Content starts

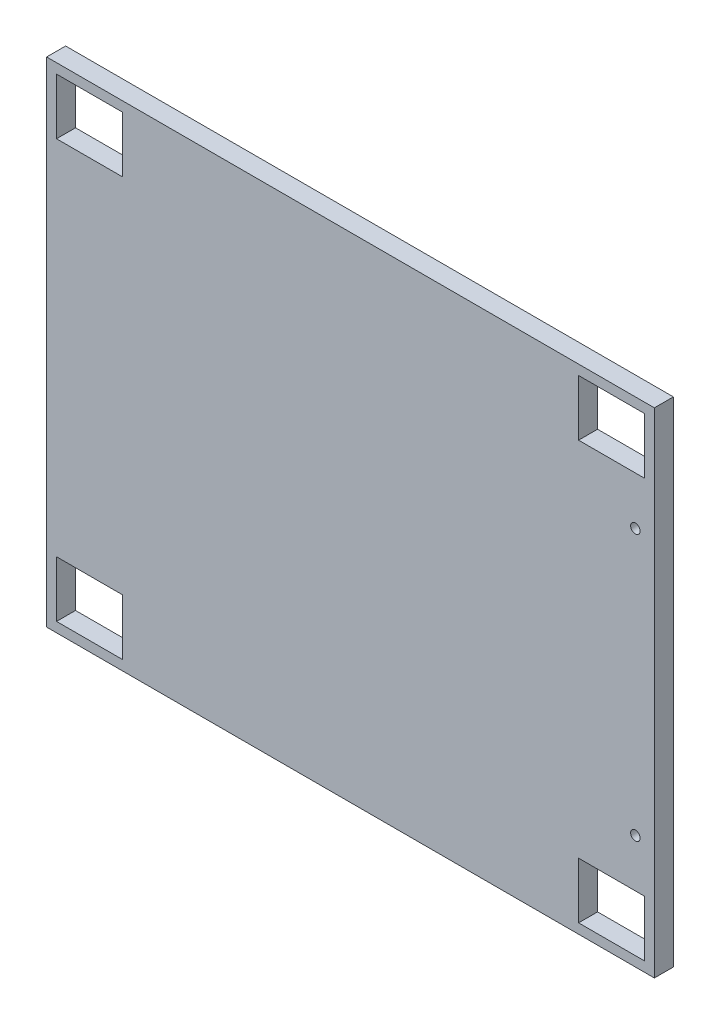
ISO-10303-21;
HEADER;
FILE_DESCRIPTION(('STEP AP214'),'2;1');
FILE_NAME('part.step','',(''),(''),'','','');
FILE_SCHEMA(('AUTOMOTIVE_DESIGN { 1 0 10303 214 1 1 1 1 }'));
ENDSEC;
DATA;
#1=APPLICATION_CONTEXT('core data for automotive mechanical design processes');
#2=APPLICATION_PROTOCOL_DEFINITION('international standard','automotive_design',2000,#1);
#3=PRODUCT_CONTEXT('',#1,'mechanical');
#4=PRODUCT('Part','Part','',(#3));
#5=PRODUCT_RELATED_PRODUCT_CATEGORY('part','',(#4));
#6=PRODUCT_DEFINITION_FORMATION('','',#4);
#7=PRODUCT_DEFINITION_CONTEXT('part definition',#1,'design');
#8=PRODUCT_DEFINITION('design','',#6,#7);
#9=PRODUCT_DEFINITION_SHAPE('','',#8);
#10=(LENGTH_UNIT() NAMED_UNIT(*) SI_UNIT(.MILLI.,.METRE.));
#11=(NAMED_UNIT(*) PLANE_ANGLE_UNIT() SI_UNIT($,.RADIAN.));
#12=(NAMED_UNIT(*) SI_UNIT($,.STERADIAN.) SOLID_ANGLE_UNIT());
#13=UNCERTAINTY_MEASURE_WITH_UNIT(LENGTH_MEASURE(1.E-05),#10,'distance_accuracy_value','');
#14=(GEOMETRIC_REPRESENTATION_CONTEXT(3) GLOBAL_UNCERTAINTY_ASSIGNED_CONTEXT((#13)) GLOBAL_UNIT_ASSIGNED_CONTEXT((#10,
#11,#12)) REPRESENTATION_CONTEXT('',''));
#15=CARTESIAN_POINT('',(0.,0.,0.));
#16=DIRECTION('',(0.,0.,1.));
#17=DIRECTION('',(1.,0.,0.));
#18=AXIS2_PLACEMENT_3D('',#15,#16,#17);
#19=CARTESIAN_POINT('',(0.,0.,6.35));
#20=DIRECTION('',(0.,0.,1.));
#21=DIRECTION('',(1.,0.,0.));
#22=AXIS2_PLACEMENT_3D('',#19,#20,#21);
#23=PLANE('',#22);
#24=CARTESIAN_POINT('',(66.0982246936658,37.2916373647231,6.35));
#25=DIRECTION('',(0.,0.,1.));
#26=DIRECTION('',(1.,0.,0.));
#27=AXIS2_PLACEMENT_3D('',#24,#25,#26);
#28=CIRCLE('',#27,1.58749999999999);
#29=CARTESIAN_POINT('',(67.6857246936658,37.2916373647231,6.35));
#30=VERTEX_POINT('',#29);
#31=EDGE_CURVE('E212',#30,#30,#28,.T.);
#32=ORIENTED_EDGE('',*,*,#31,.F.);
#33=EDGE_LOOP('',(#32));
#34=FACE_BOUND('',#33,.T.);
#35=DIRECTION('',(0.,1.,0.));
#36=VECTOR('',#35,1.);
#37=CARTESIAN_POINT('',(72.4482246936658,75.3916373647231,6.35));
#38=LINE('',#37,#36);
#39=CARTESIAN_POINT('',(72.4482246936657,-89.7083626352769,6.35));
#40=VERTEX_POINT('',#39);
#41=CARTESIAN_POINT('',(72.4482246936658,75.3916373647231,6.35));
#42=VERTEX_POINT('',#41);
#43=EDGE_CURVE('E357',#40,#42,#38,.T.);
#44=ORIENTED_EDGE('',*,*,#43,.T.);
#45=DIRECTION('',(-1.,0.,0.));
#46=VECTOR('',#45,1.);
#47=CARTESIAN_POINT('',(-130.751775306334,75.3916373647231,6.35));
#48=LINE('',#47,#46);
#49=CARTESIAN_POINT('',(-130.751775306334,75.3916373647231,6.35));
#50=VERTEX_POINT('',#49);
#51=EDGE_CURVE('E361',#42,#50,#48,.T.);
#52=ORIENTED_EDGE('',*,*,#51,.T.);
#53=DIRECTION('',(0.,-1.,0.));
#54=VECTOR('',#53,1.);
#55=CARTESIAN_POINT('',(-130.751775306334,75.3916373647231,6.35));
#56=LINE('',#55,#54);
#57=CARTESIAN_POINT('',(-130.751775306334,-89.7083626352769,6.35));
#58=VERTEX_POINT('',#57);
#59=EDGE_CURVE('E365',#50,#58,#56,.T.);
#60=ORIENTED_EDGE('',*,*,#59,.T.);
#61=DIRECTION('',(1.,0.,0.));
#62=VECTOR('',#61,1.);
#63=CARTESIAN_POINT('',(-130.751775306334,-89.7083626352769,6.35));
#64=LINE('',#63,#62);
#65=EDGE_CURVE('E368',#58,#40,#64,.T.);
#66=ORIENTED_EDGE('',*,*,#65,.T.);
#67=EDGE_LOOP('',(#44,#52,#60,#66));
#68=FACE_BOUND('',#67,.T.);
#69=DIRECTION('',(-1.,0.,0.));
#70=VECTOR('',#69,1.);
#71=CARTESIAN_POINT('',(-127.449775306334,72.0896373647231,6.35));
#72=LINE('',#71,#70);
#73=CARTESIAN_POINT('',(-105.415275306334,72.0896373647231,6.35));
#74=VERTEX_POINT('',#73);
#75=CARTESIAN_POINT('',(-127.449775306334,72.0896373647231,6.35));
#76=VERTEX_POINT('',#75);
#77=EDGE_CURVE('E317',#74,#76,#72,.T.);
#78=ORIENTED_EDGE('',*,*,#77,.F.);
#79=DIRECTION('',(0.,1.,0.));
#80=VECTOR('',#79,1.);
#81=CARTESIAN_POINT('',(-105.415275306334,72.0896373647231,6.35));
#82=LINE('',#81,#80);
#83=CARTESIAN_POINT('',(-105.415275306334,53.3571373647231,6.35));
#84=VERTEX_POINT('',#83);
#85=EDGE_CURVE('E314',#84,#74,#82,.T.);
#86=ORIENTED_EDGE('',*,*,#85,.F.);
#87=DIRECTION('',(1.,0.,0.));
#88=VECTOR('',#87,1.);
#89=CARTESIAN_POINT('',(-127.449775306334,53.3571373647231,6.35));
#90=LINE('',#89,#88);
#91=CARTESIAN_POINT('',(-127.449775306334,53.3571373647231,6.35));
#92=VERTEX_POINT('',#91);
#93=EDGE_CURVE('E325',#92,#84,#90,.T.);
#94=ORIENTED_EDGE('',*,*,#93,.F.);
#95=DIRECTION('',(0.,-1.,0.));
#96=VECTOR('',#95,1.);
#97=CARTESIAN_POINT('',(-127.449775306334,72.0896373647231,6.35));
#98=LINE('',#97,#96);
#99=EDGE_CURVE('E321',#76,#92,#98,.T.);
#100=ORIENTED_EDGE('',*,*,#99,.F.);
#101=EDGE_LOOP('',(#78,#86,#94,#100));
#102=FACE_BOUND('',#101,.T.);
#103=DIRECTION('',(0.,1.,0.));
#104=VECTOR('',#103,1.);
#105=CARTESIAN_POINT('',(69.1462246936657,72.0896373647231,6.35));
#106=LINE('',#105,#104);
#107=CARTESIAN_POINT('',(69.1462246936657,53.3571373647231,6.35));
#108=VERTEX_POINT('',#107);
#109=CARTESIAN_POINT('',(69.1462246936657,72.0896373647231,6.35));
#110=VERTEX_POINT('',#109);
#111=EDGE_CURVE('E274',#108,#110,#106,.T.);
#112=ORIENTED_EDGE('',*,*,#111,.F.);
#113=DIRECTION('',(1.,0.,0.));
#114=VECTOR('',#113,1.);
#115=CARTESIAN_POINT('',(47.1117246936657,53.3571373647231,6.35));
#116=LINE('',#115,#114);
#117=CARTESIAN_POINT('',(47.1117246936657,53.3571373647231,6.35));
#118=VERTEX_POINT('',#117);
#119=EDGE_CURVE('E271',#118,#108,#116,.T.);
#120=ORIENTED_EDGE('',*,*,#119,.F.);
#121=DIRECTION('',(0.,-1.,0.));
#122=VECTOR('',#121,1.);
#123=CARTESIAN_POINT('',(47.1117246936657,72.0896373647231,6.35));
#124=LINE('',#123,#122);
#125=CARTESIAN_POINT('',(47.1117246936657,72.0896373647231,6.35));
#126=VERTEX_POINT('',#125);
#127=EDGE_CURVE('E282',#126,#118,#124,.T.);
#128=ORIENTED_EDGE('',*,*,#127,.F.);
#129=DIRECTION('',(-1.,0.,0.));
#130=VECTOR('',#129,1.);
#131=CARTESIAN_POINT('',(47.1117246936657,72.0896373647231,6.35));
#132=LINE('',#131,#130);
#133=EDGE_CURVE('E278',#110,#126,#132,.T.);
#134=ORIENTED_EDGE('',*,*,#133,.F.);
#135=EDGE_LOOP('',(#112,#120,#128,#134));
#136=FACE_BOUND('',#135,.T.);
#137=DIRECTION('',(0.,1.,0.));
#138=VECTOR('',#137,1.);
#139=CARTESIAN_POINT('',(69.1462246936771,-67.6738626352769,6.35));
#140=LINE('',#139,#138);
#141=CARTESIAN_POINT('',(69.1462246936771,-86.4063626352769,6.35));
#142=VERTEX_POINT('',#141);
#143=CARTESIAN_POINT('',(69.1462246936771,-67.6738626352769,6.35));
#144=VERTEX_POINT('',#143);
#145=EDGE_CURVE('E231',#142,#144,#140,.T.);
#146=ORIENTED_EDGE('',*,*,#145,.F.);
#147=DIRECTION('',(1.,0.,0.));
#148=VECTOR('',#147,1.);
#149=CARTESIAN_POINT('',(47.1117246936771,-86.4063626352769,6.35));
#150=LINE('',#149,#148);
#151=CARTESIAN_POINT('',(47.1117246936771,-86.4063626352769,6.35));
#152=VERTEX_POINT('',#151);
#153=EDGE_CURVE('E228',#152,#142,#150,.T.);
#154=ORIENTED_EDGE('',*,*,#153,.F.);
#155=DIRECTION('',(0.,-1.,0.));
#156=VECTOR('',#155,1.);
#157=CARTESIAN_POINT('',(47.1117246936771,-67.6738626352769,6.35));
#158=LINE('',#157,#156);
#159=CARTESIAN_POINT('',(47.1117246936771,-67.6738626352769,6.35));
#160=VERTEX_POINT('',#159);
#161=EDGE_CURVE('E239',#160,#152,#158,.T.);
#162=ORIENTED_EDGE('',*,*,#161,.F.);
#163=DIRECTION('',(-1.,0.,0.));
#164=VECTOR('',#163,1.);
#165=CARTESIAN_POINT('',(47.1117246936771,-67.6738626352769,6.35));
#166=LINE('',#165,#164);
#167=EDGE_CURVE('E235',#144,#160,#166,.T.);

Content ends

Nothing but the lines from the top of the data above through the line containing "#11,#12)) REPRESENTATION_CONTEXT('',''));" should be output, exactly as written and without the pictures.

# Problem solution
ISO-10303-21;
HEADER;
FILE_DESCRIPTION(('STEP AP214'),'2;1');
FILE_NAME('part.step','',(''),(''),'','','');
FILE_SCHEMA(('AUTOMOTIVE_DESIGN { 1 0 10303 214 1 1 1 1 }'));
ENDSEC;
DATA;
#1=APPLICATION_CONTEXT('core data for automotive mechanical design processes');
#2=APPLICATION_PROTOCOL_DEFINITION('international standard','automotive_design',2000,#1);
#3=PRODUCT_CONTEXT('',#1,'mechanical');
#4=PRODUCT('Part','Part','',(#3));
#5=PRODUCT_RELATED_PRODUCT_CATEGORY('part','',(#4));
#6=PRODUCT_DEFINITION_FORMATION('','',#4);
#7=PRODUCT_DEFINITION_CONTEXT('part definition',#1,'design');
#8=PRODUCT_DEFINITION('design','',#6,#7);
#9=PRODUCT_DEFINITION_SHAPE('','',#8);
#10=(LENGTH_UNIT() NAMED_UNIT(*) SI_UNIT(.MILLI.,.METRE.));
#11=(NAMED_UNIT(*) PLANE_ANGLE_UNIT() SI_UNIT($,.RADIAN.));
#12=(NAMED_UNIT(*) SI_UNIT($,.STERADIAN.) SOLID_ANGLE_UNIT());
#13=UNCERTAINTY_MEASURE_WITH_UNIT(LENGTH_MEASURE(1.E-05),#10,'distance_accuracy_value','');
#14=(GEOMETRIC_REPRESENTATION_CONTEXT(3) GLOBAL_UNCERTAINTY_ASSIGNED_CONTEXT((#13)) GLOBAL_UNIT_ASSIGNED_CONTEXT((#10,
#11,#12)) REPRESENTATION_CONTEXT('',''));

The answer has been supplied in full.